■ **Records from a data source**
= = = =

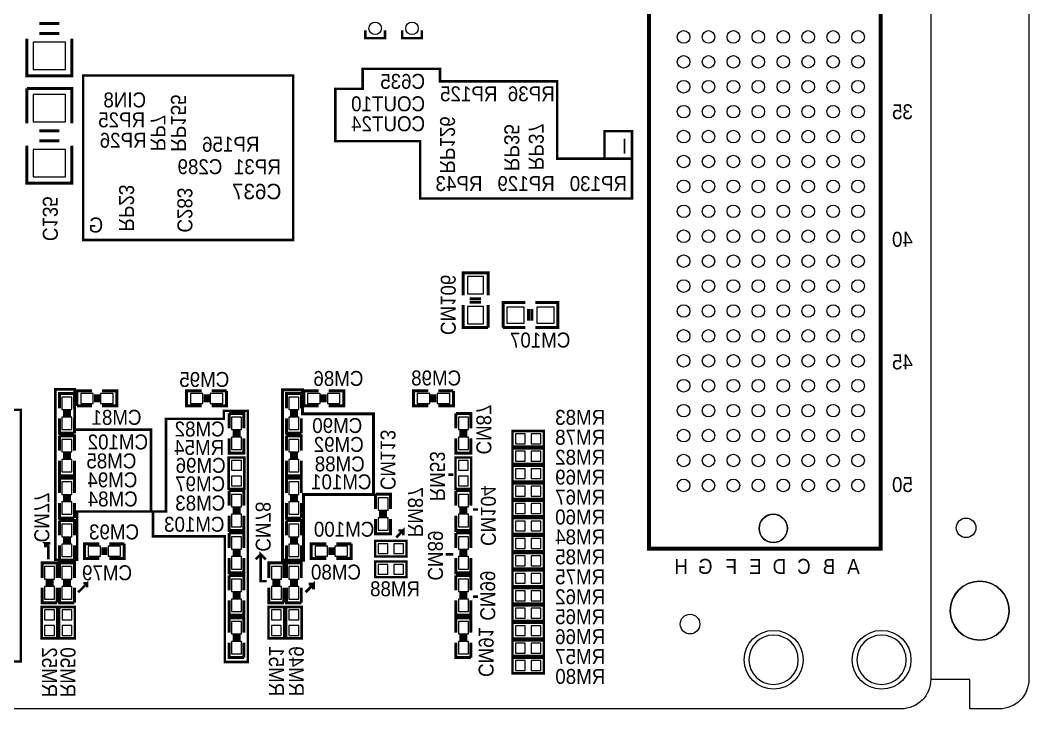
# Model space of a CAD drawing. Extents: x -5 to 120, y 0 to 85.
# Drawn here: x 68.6 to 120, y 0 to 35.1 of the extents above; entities that cross this region are included whole.
import ezdxf

# ---------------------------------------------------------------- set-up
doc = ezdxf.new("R2010")
doc.units = 0
for name, color, linetype in [('BG_DRILLHOLE', 1, 'CONTINUOUS'), ('BG_OUTLINE', 2, 'CONTINUOUS'), ('BG_SILKSCREEN_BOTTOM', 4, 'CONTINUOUS'), ('PG_SILKSCREEN_BOTTOM', 6, 'CONTINUOUS'), ('PIN_BOTTOM', 8, 'CONTINUOUS'), ('RD_SILKSCREEN_BOTTOM', 7, 'CONTINUOUS')]:
    doc.layers.add(name, color=color, linetype=linetype)

msp = doc.modelspace()

# ---------------------------------------------------------------- linework, layer by layer
at = {"layer": 'BG_DRILLHOLE'}
for points in [[(107.706414, 9.195054, 1), (106.258614, 9.195054, 1)], [(119.000016, 4.99999, 1), (116.000276, 4.99999, 1)], [(108.256832, 2.50063, 1), (105.742232, 2.50063, 1)], [(113.756694, 2.50063, 1), (111.242094, 2.50063, 1)]]:
    msp.add_lwpolyline(points, format="xyb", close=True, dxfattribs=at)
at = {"layer": 'BG_OUTLINE'}
for points in [[(0, 1.500124), (0, 83.49996, -0.414214), (1.500124, 85.000084), (113.4999, 85.000084, -0.414214), (115.000024, 83.49996), (115.000024, 1.500124, -0.414214), (113.4999, 0), (1.500124, 0, -0.414214), (0, 1.500124)], [(115.000024, 83.49996), (117.00002, 83.49996), (117.00002, 85.000084), (118.49989, 85.000084, -0.414214), (120.000014, 83.49996), (120.000014, 1.500124, -0.414214), (118.49989, 0), (117.00002, 0), (117.00002, 1.500124), (115.000024, 1.500124)]]:
    msp.add_lwpolyline(points, format="xyb", dxfattribs=at)
at = {"layer": 'BG_SILKSCREEN_BOTTOM'}
for points, const_width in [([(99.40544, 26.0096), (88.99144, 26.0096), (88.99144, 28.9306), (84.67344, 28.9306), (84.67344, 31.5976), (86.07044, 31.5976), (86.07044, 32.6136), (90.00744, 32.6136), (90.00744, 31.9786), (95.97644, 31.9786), (95.97644, 28.0416), (99.78644, 28.0416), (99.78644, 26.0096), (99.40544, 26.0096)], 0.127), ([(77.6732, 32.27832), (71.8312, 32.27832), (71.8312, 23.89632), (82.5246, 23.89632), (82.5246, 32.27832), (77.6732, 32.27832)], 0.127), ([(99.78644, 28.0416), (99.78644, 29.4386), (98.38944, 29.4386), (98.38944, 28.0416)], 0.127), ([(74.7268, 10.0584), (71.5264, 10.0584), (71.5264, 7.5946), (70.4088, 7.5946), (70.4088, 16.2814), (71.3994, 16.2814), (71.3994, 14.224), (75.2856, 14.224), (75.2856, 10.0584), (74.7268, 10.0584)], 0.127), ([(85.9536, 15.0368), (83.0072, 15.0368), (83.0072, 16.256), (81.9912, 16.256), (81.9912, 7.5692), (83.058, 7.5692), (83.058, 10.922), (86.614, 10.922), (86.614, 15.0368), (85.6488, 15.0368)], 0.1524), ([(68.6054, 15.24), (67.3608, 15.24), (67.3608, 14.7828), (64.389, 14.7828), (64.389, 8.8392), (67.4878, 8.8392), (67.4878, 2.413), (68.6562, 2.413), (68.6562, 15.24), (68.6054, 15.24)], 0.127), ([(80.1116, 15.1892), (78.994, 15.1892), (78.994, 14.7828), (76.0476, 14.7828), (76.0476, 10.0584), (75.3872, 10.0584), (75.3872, 8.7884), (79.0448, 8.7884), (79.0448, 2.3876), (80.2132, 2.3876), (80.2132, 15.1892), (79.9592, 15.1892)], 0.127), ([(90.678, 11.938), (90.424, 11.938)], 0.127), ([(91.694, 10.16), (91.948, 10.16)], 0.127), ([(87.7824, 8.7376), (88.138, 9.0932), (88.138, 8.8392)], 0.127), ([(88.138, 9.0932), (87.884, 9.0932)], 0.127), ([(70.0532, 7.62), (70.0532, 8.2804), (69.9008, 8.4328), (70.1548, 8.4328)], 0.127), ([(69.9008, 8.4328), (69.9008, 8.2296)], 0.127), ([(80.8736, 7.874), (80.6196, 7.62)], 0.127), ([(81.1784, 6.5024), (80.8736, 6.5024), (80.8736, 7.874), (81.1276, 7.62)], 0.127), ([(90.678, 7.874), (90.297, 7.874)], 0.127), ([(71.5772, 5.9436), (72.0344, 6.4008), (72.0344, 6.1976)], 0.127), ([(72.0344, 6.4008), (71.8312, 6.4008)], 0.127), ([(83.1596, 5.9436), (83.566, 6.35), (83.566, 6.096)], 0.1524), ([(83.566, 6.35), (83.312, 6.35)], 0.1524), ([(91.694, 5.715), (91.948, 5.715)], 0.127)]:
    msp.add_lwpolyline(points, dxfattribs=dict(at, const_width=const_width))
at = {"layer": 'PG_SILKSCREEN_BOTTOM'}
for points, const_width in [([(112.447578, 8.160004), (112.447578, 76.84008), (100.657406, 76.84008), (100.657406, 8.160004), (112.447578, 8.160004)], 0.199898), ([(69.596, 34.925), (70.612, 34.925)], 0.1524), ([(69.596, 34.417), (70.612, 34.417)], 0.1524), ([(87.200486, 34.579052), (87.200486, 34.179002), (86.200234, 34.179002), (86.200234, 34.579052)], 0.127), ([(89.080086, 34.579052), (89.080086, 34.179002), (88.079834, 34.179002), (88.079834, 34.579052)], 0.127), ([(68.961, 34.163), (68.961, 32.258), (71.247, 32.258), (71.247, 34.163)], 0.1524), ([(71.247, 29.845), (71.247, 31.623), (68.961, 31.623)], 0.1524), ([(68.961, 31.623), (68.961, 29.845)], 0.1524), ([(69.596, 29.464), (70.612, 29.464)], 0.1524), ([(68.961, 28.702), (68.961, 26.797), (71.247, 26.797), (71.247, 28.702)], 0.1524), ([(69.596, 28.956), (70.612, 28.956)], 0.1524), ([(92.456, 21.082), (92.456, 22.225), (91.186, 22.225), (91.186, 21.082)], 0.1524), ([(91.186, 20.574), (91.186, 19.431), (92.456, 19.431)], 0.1524), ([(92.1004, 20.9042), (91.5162, 20.9042)], 0.1524), ([(92.1004, 20.7264), (91.5162, 20.7264)], 0.1524), ([(92.456, 19.431), (92.456, 20.574)], 0.1524), ([(94.361, 20.701), (93.218, 20.701), (93.218, 19.431)], 0.1524), ([(94.869, 19.431), (96.012, 19.431), (96.012, 20.701), (94.869, 20.701)], 0.1524), ([(94.5134, 19.7866), (94.5134, 20.3708)], 0.1524), ([(94.6912, 19.7866), (94.6912, 20.3708)], 0.1524), ([(93.218, 19.431), (94.361, 19.431)], 0.1524), ([(71.385684, 15.31239), (71.385684, 16.07439), (70.623684, 16.07439), (70.623684, 15.31239)], 0.1524), ([(72.274684, 16.20139), (71.512684, 16.20139), (71.512684, 15.43939)], 0.1524), ([(72.452484, 15.61719), (72.452484, 16.02359)], 0.1524), ([(72.604884, 15.61719), (72.604884, 16.02359)], 0.1524), ([(72.782684, 15.43939), (73.544684, 15.43939), (73.544684, 16.20139), (72.782684, 16.20139)], 0.1524), ([(77.862684, 16.20139), (77.100684, 16.20139), (77.100684, 15.43939), (77.862684, 15.43939)], 0.1524), ([(78.040484, 16.02359), (78.040484, 15.61719)], 0.1524), ([(78.192884, 16.02359), (78.192884, 15.61719)], 0.1524), ([(78.370684, 15.43939), (79.132684, 15.43939), (79.132684, 16.20139)], 0.1524), ([(79.132684, 16.20139), (78.370684, 16.20139)], 0.1524), ([(82.942684, 15.31239), (82.942684, 16.07439), (82.180684, 16.07439), (82.180684, 15.31239)], 0.1524), ([(83.831684, 16.20139), (83.069684, 16.20139), (83.069684, 15.43939)], 0.1524), ([(84.009484, 15.61719), (84.009484, 16.02359)], 0.1524), ([(84.161884, 15.61719), (84.161884, 16.02359)], 0.1524), ([(84.339684, 15.43939), (85.101684, 15.43939), (85.101684, 16.20139), (84.339684, 16.20139)], 0.1524), ([(89.419684, 16.20139), (88.657684, 16.20139), (88.657684, 15.43939), (89.419684, 15.43939)], 0.1524), ([(89.597484, 16.02359), (89.597484, 15.61719)], 0.1524), ([(89.749884, 16.02359), (89.749884, 15.61719)], 0.1524), ([(89.927684, 15.43939), (90.689684, 15.43939), (90.689684, 16.20139)], 0.1524), ([(90.689684, 16.20139), (89.927684, 16.20139)], 0.1524), ([(71.512684, 15.43939), (72.274684, 15.43939)], 0.1524), ([(83.069684, 15.43939), (83.831684, 15.43939)], 0.1524), ([(71.207884, 15.13459), (70.801484, 15.13459)], 0.1524), ([(71.207884, 14.98219), (70.801484, 14.98219)], 0.1524), ([(80.021684, 14.29639), (80.021684, 15.05839), (79.259684, 15.05839)], 0.1524), ([(79.259684, 15.05839), (79.259684, 14.29639)], 0.1524), ([(82.764884, 15.13459), (82.358484, 15.13459)], 0.1524), ([(82.764884, 14.98219), (82.358484, 14.98219)], 0.1524), ([(91.578684, 14.29639), (91.578684, 15.05839), (90.816684, 15.05839)], 0.1524), ([(90.816684, 15.05839), (90.816684, 14.29639)], 0.1524), ([(70.623684, 14.80439), (70.623684, 14.04239), (71.385684, 14.04239)], 0.1524), ([(71.385684, 14.04239), (71.385684, 14.80439)], 0.1524), ([(82.180684, 14.80439), (82.180684, 14.04239), (82.942684, 14.04239)], 0.1524), ([(82.942684, 14.04239), (82.942684, 14.80439)], 0.1524), ([(71.385684, 13.15339), (71.385684, 13.91539), (70.623684, 13.91539)], 0.1524), ([(70.623684, 13.91539), (70.623684, 13.15339)], 0.1524), ([(79.437484, 14.11859), (79.843884, 14.11859)], 0.1524), ([(79.437484, 13.96619), (79.843884, 13.96619)], 0.1524), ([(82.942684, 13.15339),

= = = =

■ **To do**
In the entries above, count each line holding the word "color" and give that count alone.

■ **Expected answer**
2